The stronger than expected fix came after data on Thursday showed a fourth straight month of export contraction and pushed the currency below its nadir of last October, when cities across the country were forced to lock down to contain outbreaks of Covid-19.
“You can see why the renminbi is plumbing new lows because the dollar is strong across the board and the PBoC’s options [to support the renminbi] remain limited,” said Mansoor Mohi-uddin, chief economist at Bank of Singapore.
“The central bank will continue to try and use the fix to prevent a more debilitating slide in the exchange rate, which would worsen sentiment towards China and lead to more capital outflows and further falls,” he added. “They don’t want to get into that vicious circle.”
But the PBoC is still under pressure to crank up stimulus and boost growth.

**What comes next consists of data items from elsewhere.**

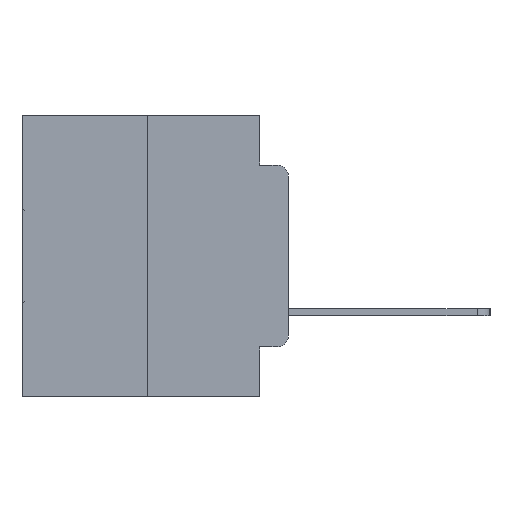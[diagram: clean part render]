
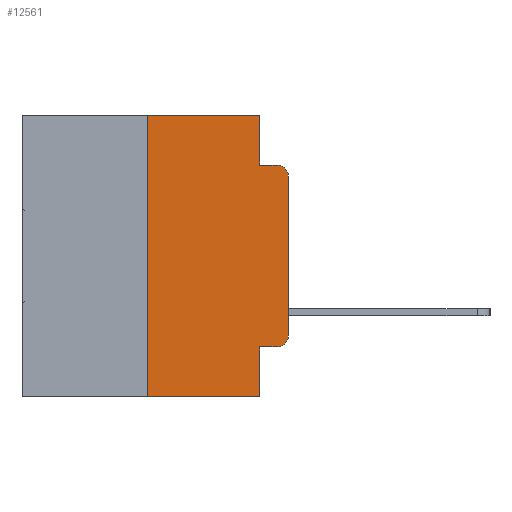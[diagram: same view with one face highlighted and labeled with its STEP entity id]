
A CAD part, left-side view. The second image highlights one B-rep face of the part: STEP entity #12561.
In plain terms, the highlighted planar face has unit normal (-1, 0, 0).
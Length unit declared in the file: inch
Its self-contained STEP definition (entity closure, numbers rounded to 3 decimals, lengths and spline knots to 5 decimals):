
#255 = CARTESIAN_POINT ( 'NONE',  ( 0., 0.02, -0.4115 ) ) ;
#806 = DIRECTION ( 'NONE',  ( 0., 0., -1. ) ) ;
#982 = LINE ( 'NONE', #12008, #1707 ) ;
#1678 = VERTEX_POINT ( 'NONE', #15098 ) ;
#1707 = VECTOR ( 'NONE', #27858, 39.37008 ) ;
#2006 = VERTEX_POINT ( 'NONE', #16596 ) ;
#2067 = ORIENTED_EDGE ( 'NONE', *, *, #16212, .F. ) ;
#2206 = FACE_OUTER_BOUND ( 'NONE', #10997, .T. ) ;
#3508 = DIRECTION ( 'NONE',  ( 0., 0., 1. ) ) ;
#3565 = ORIENTED_EDGE ( 'NONE', *, *, #7213, .T. ) ;
#3580 = DIRECTION ( 'NONE',  ( 0., -1., 0. ) ) ;
#3876 = VERTEX_POINT ( 'NONE', #26724 ) ;
#4080 = DIRECTION ( 'NONE',  ( 0., 0., -1. ) ) ;
#4091 = AXIS2_PLACEMENT_3D ( 'NONE', #14102, #29858, #16353 ) ;
#4468 = AXIS2_PLACEMENT_3D ( 'NONE', #7743, #23830, #10135 ) ;
#4645 = ORIENTED_EDGE ( 'NONE', *, *, #6798, .F. ) ;
#5251 = CIRCLE ( 'NONE', #4091, 0.02 ) ;
#5479 = EDGE_CURVE ( 'NONE', #1678, #25984, #982, .T. ) ;
#5521 = LINE ( 'NONE', #15269, #23211 ) ;
#5622 = VERTEX_POINT ( 'NONE', #12324 ) ;
#6599 = EDGE_CURVE ( 'NONE', #5622, #6833, #16661, .T. ) ;
#6798 = EDGE_CURVE ( 'NONE', #24902, #5622, #11644, .T. ) ;
#6833 = VERTEX_POINT ( 'NONE', #17535 ) ;
#6894 = VERTEX_POINT ( 'NONE', #15629 ) ;
#7213 = EDGE_CURVE ( 'NONE', #2006, #18876, #16987, .T. ) ;
#7556 = CARTESIAN_POINT ( 'NONE',  ( 0., 0., -0.1085 ) ) ;
#7743 = CARTESIAN_POINT ( 'NONE',  ( 0., 0.02, -0.3915 ) ) ;
#7838 = DIRECTION ( 'NONE',  ( 0., -1., 0. ) ) ;
#8169 = DIRECTION ( 'NONE',  ( 0., 0., -1. ) ) ;
#8395 = EDGE_CURVE ( 'NONE', #25984, #6833, #5251, .T. ) ;
#9753 = CARTESIAN_POINT ( 'NONE',  ( 0., 0.473, -0.5 ) ) ;
#9887 = EDGE_CURVE ( 'NONE', #6894, #24902, #5521, .T. ) ;
#10119 = CARTESIAN_POINT ( 'NONE',  ( 0., 0.051, -0.4115 ) ) ;
#10135 = DIRECTION ( 'NONE',  ( 0., 0., -1. ) ) ;
#10843 = VECTOR ( 'NONE', #7838, 39.37008 ) ;
#10997 = EDGE_LOOP ( 'NONE', ( #21662, #16350, #28396, #4645, #17796, #29773, #19899, #2067, #3565, #28032 ) ) ;
#11276 = VECTOR ( 'NONE', #14665, 39.37008 ) ;
#11460 = CIRCLE ( 'NONE', #4468, 0.02 ) ;
#11644 = LINE ( 'NONE', #24228, #29710 ) ;
#12008 = CARTESIAN_POINT ( 'NONE',  ( 0., 0., 0. ) ) ;
#12151 = VECTOR ( 'NONE', #3508, 39.37008 ) ;
#12324 = CARTESIAN_POINT ( 'NONE',  ( 0., 0.051, -0.0885 ) ) ;
#12561 = ADVANCED_FACE ( 'NONE', ( #2206 ), #28443, .F. ) ;
#14102 = CARTESIAN_POINT ( 'NONE',  ( 0., 0.02, -0.1085 ) ) ;
#14665 = DIRECTION ( 'NONE',  ( 0., -1., 0. ) ) ;
#15098 = CARTESIAN_POINT ( 'NONE',  ( 0., 0., -0.3915 ) ) ;
#15227 = CARTESIAN_POINT ( 'NONE',  ( 0., 0.051, 0. ) ) ;
#15269 = CARTESIAN_POINT ( 'NONE',  ( 0., 0.473, 0. ) ) ;
#15629 = CARTESIAN_POINT ( 'NONE',  ( 0., 0.25, 0. ) ) ;
#16212 = EDGE_CURVE ( 'NONE', #2006, #20311, #20473, .T. ) ;
#16350 = ORIENTED_EDGE ( 'NONE', *, *, #8395, .T. ) ;
#16353 = DIRECTION ( 'NONE',  ( 0., 0., -1. ) ) ;
#16596 = CARTESIAN_POINT ( 'NONE',  ( 0., 0.051, -0.4115 ) ) ;
#16661 = LINE ( 'NONE', #25922, #11276 ) ;
#16987 = LINE ( 'NONE', #10119, #10843 ) ;
#17367 = EDGE_CURVE ( 'NONE', #18876, #1678, #11460, .T. ) ;
#17535 = CARTESIAN_POINT ( 'NONE',  ( 0., 0.02, -0.0885 ) ) ;
#17796 = ORIENTED_EDGE ( 'NONE', *, *, #9887, .F. ) ;
#18228 = LINE ( 'NONE', #19758, #12151 ) ;
#18358 = EDGE_CURVE ( 'NONE', #3876, #6894, #18228, .T. ) ;
#18876 = VERTEX_POINT ( 'NONE', #255 ) ;
#19647 = CARTESIAN_POINT ( 'NONE',  ( 0., 0.051, -0.5 ) ) ;
#19758 = CARTESIAN_POINT ( 'NONE',  ( 0., 0.25, 0. ) ) ;
#19783 = VECTOR ( 'NONE', #4080, 39.37008 ) ;
#19899 = ORIENTED_EDGE ( 'NONE', *, *, #29670, .T. ) ;
#20311 = VERTEX_POINT ( 'NONE', #19647 ) ;
#20473 = LINE ( 'NONE', #24853, #19783 ) ;
#21662 = ORIENTED_EDGE ( 'NONE', *, *, #5479, .T. ) ;
#21919 = LINE ( 'NONE', #9753, #27198 ) ;
#23211 = VECTOR ( 'NONE', #3580, 39.37008 ) ;
#23367 = DIRECTION ( 'NONE',  ( 0., -1., 0. ) ) ;
#23830 = DIRECTION ( 'NONE',  ( -1., 0., 0. ) ) ;
#24228 = CARTESIAN_POINT ( 'NONE',  ( 0., 0.051, 0. ) ) ;
#24305 = AXIS2_PLACEMENT_3D ( 'NONE', #26159, #28354, #806 ) ;
#24853 = CARTESIAN_POINT ( 'NONE',  ( 0., 0.051, 0. ) ) ;
#24902 = VERTEX_POINT ( 'NONE', #15227 ) ;
#25922 = CARTESIAN_POINT ( 'NONE',  ( 0., 0.051, -0.0885 ) ) ;
#25984 = VERTEX_POINT ( 'NONE', #7556 ) ;
#26159 = CARTESIAN_POINT ( 'NONE',  ( 0., 0.473, 0. ) ) ;
#26724 = CARTESIAN_POINT ( 'NONE',  ( 0., 0.25, -0.5 ) ) ;
#27198 = VECTOR ( 'NONE', #23367, 39.37008 ) ;
#27858 = DIRECTION ( 'NONE',  ( 0., 0., 1. ) ) ;
#28032 = ORIENTED_EDGE ( 'NONE', *, *, #17367, .T. ) ;
#28354 = DIRECTION ( 'NONE',  ( 1., 0., 0. ) ) ;
#28396 = ORIENTED_EDGE ( 'NONE', *, *, #6599, .F. ) ;
#28443 = PLANE ( 'NONE',  #24305 ) ;
#29670 = EDGE_CURVE ( 'NONE', #3876, #20311, #21919, .T. ) ;
#29710 = VECTOR ( 'NONE', #8169, 39.37008 ) ;
#29773 = ORIENTED_EDGE ( 'NONE', *, *, #18358, .F. ) ;
#29858 = DIRECTION ( 'NONE',  ( -1., 0., 0. ) ) ;

The next major economic reading will come on Saturday from the official consumer price index for August, which economists polled by Reuters have forecast to rise just 0.2 per cent from a year ago.
Foreign exchange strategists said unless Beijing launched major fiscal stimulus or a rally for the dollar began to fade, there was little chance of a turnaround for China’s currency.
“Now that we’re through those low levels from last year there seems to be more to go, and the key is that the perception outside of China is that Chinese investors are looking for the exits,” said Sean Callow, senior currency strategist at Westpac.
He said the bank was “recommending going short [against the renminbi] now, and while a big part of that is dollar strength, there is also really very little evidence of change in sentiment towards the renminbi in markets”.